裴凌没有说话。他上了车,靠着座椅,闭上了眼睛。脑子里全是张老太太的脸,红红的眼睛,肿肿的眼皮,绞来绞去的手指,还有那句“我是不是老了,没用了”。他睁开眼睛,掏出手机,给技术队的老李发了条消息,让他查一下那些诈骗电话的号码和转账记录。
接下来的几天,裴凌把十二个老人都走访了一遍。有的在电话里哭,有的当面哭,有的不哭,但眼睛里的那种东西比哭更让人难受。他把每一个老人的话都记在了本子上,每一个细节都不放过。那个人的声音,那个人的语气,那个人的口音,那个人的说话习惯。他把这些信息放在一起比对,发现了一个规律——这些电话虽然来自不同的号码,但说话的是同一个人,因为他们的口音相同,说话习惯相同,连每次都会说的那句“你不信可以打114查一下”都一模一样。
同一个人。一个专门骗老人的人。一个在电话那头用温和的、亲切的、让人信任的声音,把老人们一辈子的积蓄一笔一笔地骗走的人。
裴凌把所有的转账记录整理出来,发现这些钱最终都流向了同一个账户,一个在境外的账户。这说明这个诈骗团伙的基地可能在境外,他们用的是网络电话,用的是虚拟账户,查起来很难。但他不会放弃,不管多难,他都会查下去。

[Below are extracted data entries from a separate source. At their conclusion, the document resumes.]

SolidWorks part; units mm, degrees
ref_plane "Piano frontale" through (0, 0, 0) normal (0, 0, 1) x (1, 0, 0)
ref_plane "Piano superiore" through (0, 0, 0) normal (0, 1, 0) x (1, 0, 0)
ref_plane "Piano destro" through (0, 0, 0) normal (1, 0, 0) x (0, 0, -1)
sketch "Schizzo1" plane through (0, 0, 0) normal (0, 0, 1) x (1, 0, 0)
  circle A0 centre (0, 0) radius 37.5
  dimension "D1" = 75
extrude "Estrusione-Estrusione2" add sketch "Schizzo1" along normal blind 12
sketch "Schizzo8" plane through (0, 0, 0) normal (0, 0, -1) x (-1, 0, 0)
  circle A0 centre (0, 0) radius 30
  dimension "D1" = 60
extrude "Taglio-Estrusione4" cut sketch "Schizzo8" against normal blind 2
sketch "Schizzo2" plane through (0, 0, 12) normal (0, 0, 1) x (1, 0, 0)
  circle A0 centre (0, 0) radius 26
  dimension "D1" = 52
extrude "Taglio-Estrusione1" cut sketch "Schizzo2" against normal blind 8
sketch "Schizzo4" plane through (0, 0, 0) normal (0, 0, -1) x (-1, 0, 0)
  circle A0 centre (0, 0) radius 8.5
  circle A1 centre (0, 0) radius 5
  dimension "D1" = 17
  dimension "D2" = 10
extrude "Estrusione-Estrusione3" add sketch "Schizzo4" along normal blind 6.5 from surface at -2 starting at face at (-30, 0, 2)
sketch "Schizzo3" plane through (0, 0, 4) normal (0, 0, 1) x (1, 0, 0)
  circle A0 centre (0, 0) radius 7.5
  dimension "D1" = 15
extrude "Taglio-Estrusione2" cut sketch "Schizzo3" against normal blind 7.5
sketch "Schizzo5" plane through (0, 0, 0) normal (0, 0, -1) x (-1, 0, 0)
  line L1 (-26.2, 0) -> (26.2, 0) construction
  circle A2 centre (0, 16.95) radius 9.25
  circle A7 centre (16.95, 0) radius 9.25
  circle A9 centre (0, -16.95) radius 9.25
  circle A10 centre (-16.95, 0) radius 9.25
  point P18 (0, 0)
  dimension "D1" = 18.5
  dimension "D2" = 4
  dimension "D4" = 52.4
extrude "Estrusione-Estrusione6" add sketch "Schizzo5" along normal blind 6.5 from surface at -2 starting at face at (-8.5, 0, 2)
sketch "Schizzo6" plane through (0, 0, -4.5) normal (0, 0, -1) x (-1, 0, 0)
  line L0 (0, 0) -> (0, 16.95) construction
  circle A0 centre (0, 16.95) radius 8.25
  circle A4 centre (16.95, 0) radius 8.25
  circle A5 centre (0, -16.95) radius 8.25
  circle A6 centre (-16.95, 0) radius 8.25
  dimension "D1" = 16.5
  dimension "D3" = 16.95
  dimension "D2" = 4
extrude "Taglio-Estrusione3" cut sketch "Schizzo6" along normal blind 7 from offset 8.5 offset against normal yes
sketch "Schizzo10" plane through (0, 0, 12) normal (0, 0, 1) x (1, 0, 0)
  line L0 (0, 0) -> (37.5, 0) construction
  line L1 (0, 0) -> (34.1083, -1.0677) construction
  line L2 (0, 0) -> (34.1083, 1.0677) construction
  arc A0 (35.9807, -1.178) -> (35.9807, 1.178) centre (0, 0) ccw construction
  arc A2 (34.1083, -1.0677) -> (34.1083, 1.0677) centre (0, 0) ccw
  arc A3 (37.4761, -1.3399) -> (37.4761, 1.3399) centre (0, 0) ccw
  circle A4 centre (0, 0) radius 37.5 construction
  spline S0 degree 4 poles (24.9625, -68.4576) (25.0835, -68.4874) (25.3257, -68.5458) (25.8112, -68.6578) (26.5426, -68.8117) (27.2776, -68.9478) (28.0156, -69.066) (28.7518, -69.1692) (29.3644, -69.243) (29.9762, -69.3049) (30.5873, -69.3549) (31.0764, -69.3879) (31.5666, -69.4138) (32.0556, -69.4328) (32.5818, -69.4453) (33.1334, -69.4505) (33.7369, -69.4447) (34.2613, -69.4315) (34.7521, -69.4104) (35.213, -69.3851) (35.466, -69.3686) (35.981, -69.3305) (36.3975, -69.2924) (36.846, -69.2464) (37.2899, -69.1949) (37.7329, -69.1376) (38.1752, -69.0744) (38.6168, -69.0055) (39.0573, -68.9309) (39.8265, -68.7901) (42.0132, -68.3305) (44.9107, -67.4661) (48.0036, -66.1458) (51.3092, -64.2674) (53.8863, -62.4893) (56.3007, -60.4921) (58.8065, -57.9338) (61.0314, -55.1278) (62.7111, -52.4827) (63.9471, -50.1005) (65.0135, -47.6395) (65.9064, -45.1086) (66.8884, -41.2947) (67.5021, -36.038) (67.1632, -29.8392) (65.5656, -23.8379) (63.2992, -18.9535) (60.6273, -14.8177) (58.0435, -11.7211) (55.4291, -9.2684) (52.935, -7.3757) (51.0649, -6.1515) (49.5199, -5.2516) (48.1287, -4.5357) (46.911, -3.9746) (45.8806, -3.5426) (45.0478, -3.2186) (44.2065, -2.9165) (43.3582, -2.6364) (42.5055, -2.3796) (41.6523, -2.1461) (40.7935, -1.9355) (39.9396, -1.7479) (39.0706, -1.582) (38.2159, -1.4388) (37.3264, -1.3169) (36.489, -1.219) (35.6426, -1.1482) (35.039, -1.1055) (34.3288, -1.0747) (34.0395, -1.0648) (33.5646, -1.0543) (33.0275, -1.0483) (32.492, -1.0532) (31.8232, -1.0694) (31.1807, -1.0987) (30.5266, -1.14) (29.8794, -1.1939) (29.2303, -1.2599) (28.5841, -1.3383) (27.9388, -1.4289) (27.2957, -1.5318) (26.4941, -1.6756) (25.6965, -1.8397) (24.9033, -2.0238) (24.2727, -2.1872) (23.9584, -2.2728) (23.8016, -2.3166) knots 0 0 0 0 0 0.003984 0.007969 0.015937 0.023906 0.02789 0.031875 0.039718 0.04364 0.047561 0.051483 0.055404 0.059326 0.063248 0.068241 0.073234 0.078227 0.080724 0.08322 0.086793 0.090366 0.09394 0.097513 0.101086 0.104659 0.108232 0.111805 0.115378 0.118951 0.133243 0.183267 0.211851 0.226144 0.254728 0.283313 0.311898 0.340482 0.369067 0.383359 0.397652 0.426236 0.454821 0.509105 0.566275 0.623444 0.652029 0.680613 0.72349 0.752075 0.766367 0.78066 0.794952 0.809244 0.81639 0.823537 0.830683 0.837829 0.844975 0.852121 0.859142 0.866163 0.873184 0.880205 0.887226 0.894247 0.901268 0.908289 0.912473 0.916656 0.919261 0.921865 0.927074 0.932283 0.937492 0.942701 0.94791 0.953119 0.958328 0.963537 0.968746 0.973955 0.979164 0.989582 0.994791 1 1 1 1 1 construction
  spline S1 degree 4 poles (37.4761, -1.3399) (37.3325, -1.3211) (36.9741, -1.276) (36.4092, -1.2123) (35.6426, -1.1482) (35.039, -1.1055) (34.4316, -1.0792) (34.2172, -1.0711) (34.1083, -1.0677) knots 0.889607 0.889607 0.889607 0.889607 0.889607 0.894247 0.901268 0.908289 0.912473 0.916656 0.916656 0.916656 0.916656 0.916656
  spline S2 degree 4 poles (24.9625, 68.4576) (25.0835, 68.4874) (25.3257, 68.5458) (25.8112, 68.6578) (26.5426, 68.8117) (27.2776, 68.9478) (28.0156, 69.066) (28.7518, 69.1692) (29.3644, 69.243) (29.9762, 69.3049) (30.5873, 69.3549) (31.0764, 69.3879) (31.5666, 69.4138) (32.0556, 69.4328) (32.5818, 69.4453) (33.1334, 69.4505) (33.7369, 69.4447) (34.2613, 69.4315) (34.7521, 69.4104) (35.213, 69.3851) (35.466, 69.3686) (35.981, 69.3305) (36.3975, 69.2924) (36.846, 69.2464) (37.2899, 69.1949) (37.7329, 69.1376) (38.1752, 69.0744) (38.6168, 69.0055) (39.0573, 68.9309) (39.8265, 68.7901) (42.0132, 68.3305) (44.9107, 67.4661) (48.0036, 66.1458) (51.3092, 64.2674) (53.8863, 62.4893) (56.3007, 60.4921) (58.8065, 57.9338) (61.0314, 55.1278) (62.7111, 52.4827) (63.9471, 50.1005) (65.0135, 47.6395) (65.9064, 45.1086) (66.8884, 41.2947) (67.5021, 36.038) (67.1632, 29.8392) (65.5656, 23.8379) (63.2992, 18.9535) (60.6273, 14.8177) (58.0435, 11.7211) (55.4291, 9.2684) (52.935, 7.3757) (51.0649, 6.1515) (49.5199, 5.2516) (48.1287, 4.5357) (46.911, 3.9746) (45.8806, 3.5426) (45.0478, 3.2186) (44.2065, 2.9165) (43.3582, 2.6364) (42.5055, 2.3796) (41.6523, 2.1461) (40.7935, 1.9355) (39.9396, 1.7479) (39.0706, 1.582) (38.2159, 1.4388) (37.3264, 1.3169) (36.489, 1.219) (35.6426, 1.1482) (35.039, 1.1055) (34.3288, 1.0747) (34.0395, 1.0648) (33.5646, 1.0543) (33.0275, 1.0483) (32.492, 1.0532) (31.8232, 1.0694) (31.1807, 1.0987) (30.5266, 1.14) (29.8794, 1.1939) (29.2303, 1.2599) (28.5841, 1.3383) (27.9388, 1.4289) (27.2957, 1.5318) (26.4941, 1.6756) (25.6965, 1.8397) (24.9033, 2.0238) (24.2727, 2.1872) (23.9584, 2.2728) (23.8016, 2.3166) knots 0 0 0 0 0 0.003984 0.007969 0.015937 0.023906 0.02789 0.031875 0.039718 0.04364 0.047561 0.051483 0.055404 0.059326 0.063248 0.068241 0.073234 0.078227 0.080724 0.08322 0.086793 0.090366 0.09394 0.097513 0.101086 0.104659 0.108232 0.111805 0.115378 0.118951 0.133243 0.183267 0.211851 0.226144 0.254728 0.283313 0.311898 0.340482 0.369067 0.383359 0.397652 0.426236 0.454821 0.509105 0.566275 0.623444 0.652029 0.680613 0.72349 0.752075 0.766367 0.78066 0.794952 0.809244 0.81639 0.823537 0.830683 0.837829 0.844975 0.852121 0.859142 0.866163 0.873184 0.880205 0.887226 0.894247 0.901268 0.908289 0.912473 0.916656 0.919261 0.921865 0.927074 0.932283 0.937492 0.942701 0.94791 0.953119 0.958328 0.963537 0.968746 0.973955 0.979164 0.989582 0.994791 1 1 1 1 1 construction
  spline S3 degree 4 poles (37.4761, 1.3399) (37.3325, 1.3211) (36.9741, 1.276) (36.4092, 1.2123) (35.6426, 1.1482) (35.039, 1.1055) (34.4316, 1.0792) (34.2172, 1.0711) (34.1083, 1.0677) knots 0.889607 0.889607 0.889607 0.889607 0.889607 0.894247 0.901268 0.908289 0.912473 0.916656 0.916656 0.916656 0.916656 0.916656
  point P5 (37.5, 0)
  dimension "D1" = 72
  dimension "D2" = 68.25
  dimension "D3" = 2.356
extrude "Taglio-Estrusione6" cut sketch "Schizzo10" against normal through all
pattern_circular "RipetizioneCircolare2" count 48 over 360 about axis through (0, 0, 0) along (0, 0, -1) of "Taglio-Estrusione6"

他把这些信息整理成了一份报告,发给了林队。林队看了之后沉默了很久,手指在桌上轻轻敲了两下,节奏很慢。
“境外的账户,查起来需要走司法协助程序,时间会很长。”林队的声音不大,但每个字都像钉子一样钉在空气中,“但我们可以从另一个方向入手——那些被骗的钱,有一部分是通过境内的银行卡转出去的。这些银行卡的开卡人是谁?他们跟诈骗团伙是什么关系?这些可以查。”
裴凌点了点头。他回到工位上,开始查那些银行卡的开卡信息。十二起案件,涉及二十几张银行卡,开户行遍布全国各地,开户人的身份也各不相同,有农民,有工人,有学生,有家庭主妇。他一个一个地查,一个一个地排除,最后发现有三张银行卡的开卡人信息是假的,用的是伪造的身份证。
这三张银行卡,就是突破口。裴凌把这三张银行卡的交易记录调了出来,一笔一笔地看,发现它们有一个共同的规律——每次有钱转进来,很快就会被人取走,取款的地点都在南方的一个城市,一个离边境很近的城市。
裴凌把这个发现告诉了林队。林队看了看地图,眉头皱了起来。“那个地方是电信诈骗的重灾区,很多诈骗团伙都在那里设点。这个案子可能比我们想的要大,不是一个两个人能干的,是一个团伙,甚至是一个产业链。”
裴凌知道林队说得对。这个案子比他之前办过的任何一个案子都大,都复杂,都难。但他不会退缩,他从来不会退缩。从三年前第一天当辅警开始,他就没有退缩过。以前不会,现在不会,以后也不会。
裴凌站起来,走到窗边,看着窗外的夜景。城市的灯火在黑暗中闪烁,每一盏灯下面都有人在生活。有人刚下班,有人刚吃完饭,有人正在哄孩子睡觉,有人已经进入了梦乡。他不知道那些骗子在哪一盏灯的下面,不知道他们此刻正在做什么,不知道他们是不是又在给某个老人打电话,用那个温和的、亲切的、让人信任的声音,说着那些让人心慌的话。
但他知道他会找到他们的。不管花多长时间,不管走多远的路,不管要穿过多少条黑暗的巷子,他都会找到他们。那些老人被骗走的钱,他要一笔一笔地追回来。那些骗子,他要一个一个地抓到。
手机震了一下。
【任务“黄昏陷阱”进度:线索收集完成度百分之二十三。】
【系统提示:诈骗团伙的基地可能在境外,但境内的资金链条已经初步查清。请宿主继续深入调查,找到资金链条的关键环节。】
裴凌看着那行字,把手机揣回了兜里。他转身走回了工位,坐下来,打开电脑,继续查那些银行卡的交易记录。窗外的天越来越黑,办公室里的灯越来越亮,他的眼睛盯着屏幕,一眨不眨,像是一个在黑暗中寻找光的人。